# Winterfestes Bäumchen?



## Mercedesfreund (4. Dez. 2009)

..was sagt man dazu..der Australische __ Zylinderputzer oder Wedel meint wohl es ist Frühling..fängt er doch immer noch an neue Blüten zu produzieren, obwohl schon einig Male unter null. ha aber auch spät angeangen dieses Jahr..


----------



## Dodi (5. Dez. 2009)

*AW: Winterfestes Bäumchen?*

Hallo Werner,

das ist ja toll! 

Callistemon ist bis etwa -5° frosthart und benötigt im Herbst/Winter - eigentlich Ruhephase, die bei Deinem wohl ausgefallen ist? - auch eine kühle Überwinterung mit wenig Wasser, damit er im Frühjahr Blüten austreibt.

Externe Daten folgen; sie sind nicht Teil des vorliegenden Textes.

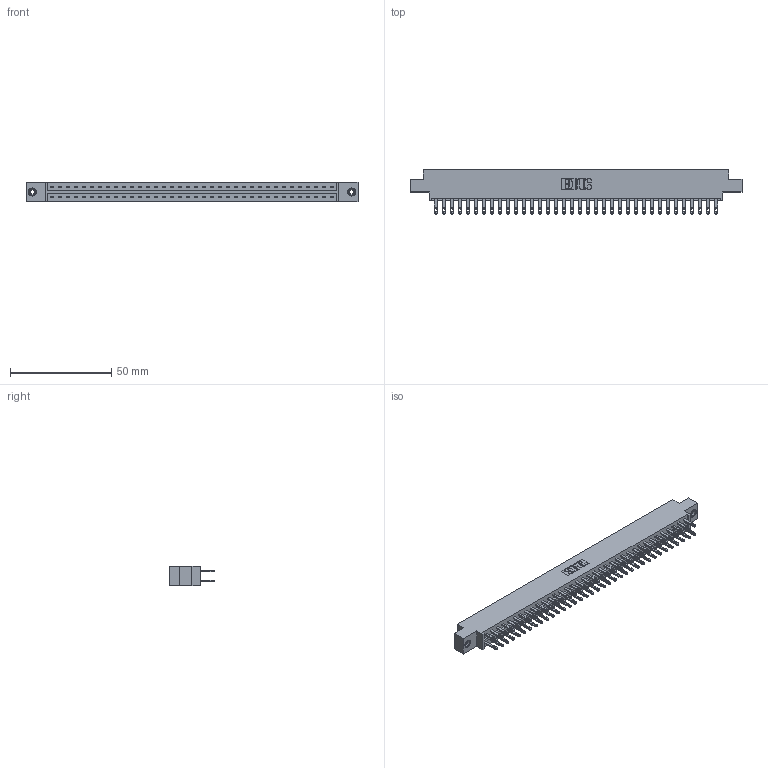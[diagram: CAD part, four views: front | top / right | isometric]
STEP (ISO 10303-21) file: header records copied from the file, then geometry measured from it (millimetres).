
FILE_DESCRIPTION (( 'STEP AP203' ), '1' );
FILE_NAME ('333-072-500-808.STEP', '2018-08-04T15:58:53', ( '' ), ( '' ), 'SwSTEP 2.0', 'SolidWorks 2016', '' );
FILE_SCHEMA (( 'CONFIG_CONTROL_DESIGN' ));
Length unit declared in the file: inch
Products named in the file (4): 345-250-001_345-250-003-102; 333-072-500-808; 333 Part_Offset - .156 Dia - TI; 345-292-001_345-293-100
Assembly tree (75 placements, depth 2):
  333-072-500-808
    333 Part_Offset - .156 Dia - TI
    345-292-001_345-293-100  x72
    345-250-001_345-250-003-102  x2
Bounding box: 164.19 x 21.85 x 9.4 mm (x, y, z)
Volume: 16692 mm3; surface area: 20704.5 mm2
Topology: 75 solids, 75 shells, 3634 faces, 11043 edges, 7354 vertices
Faces by surface type: plane 2266, cylinder 1352, cone 12, torus 4
Entity records: 25184 total; most frequent: CARTESIAN_POINT 4165, ORIENTED_EDGE 4094, DIRECTION 3601, EDGE_CURVE 2047, LINE 1895, VECTOR 1895, VERTEX_POINT 1360, AXIS2_PLACEMENT_3D 853

Bei stärkerem Frost würde ich ihn einräumen.


----------



## Eva-Maria (5. Dez. 2009)

*AW: Winterfestes Bäumchen?*

Hallo Werner,
das ist ja klasse
Unser __ Zylinderputzer hat dieses Jahr, allerdings eher im Sommer, auch üppigst geblüht. Ab Oktober kam er dann allerdings langsam zur Ruhe und ist schon seit 3 Wochen, da Kübelpflanze, ins "Winter-Kalthaus" umgezogen.
Viel Freude weiterhin an Deinem Bäumchen,
Eva-Maria


----------



## Mercedesfreund (5. Dez. 2009)

*AW: Winterfestes Bäumchen?*

ja er ist wohl etwas durcheiander, hatte noch im Keller, ende Februar, einen Austrieb. als er dann draußen war hat er es sich anders überlegt und pausiert um dann im September anzufangen loszublühen.. war wohl etwas zu warm im Keller..12°?


----------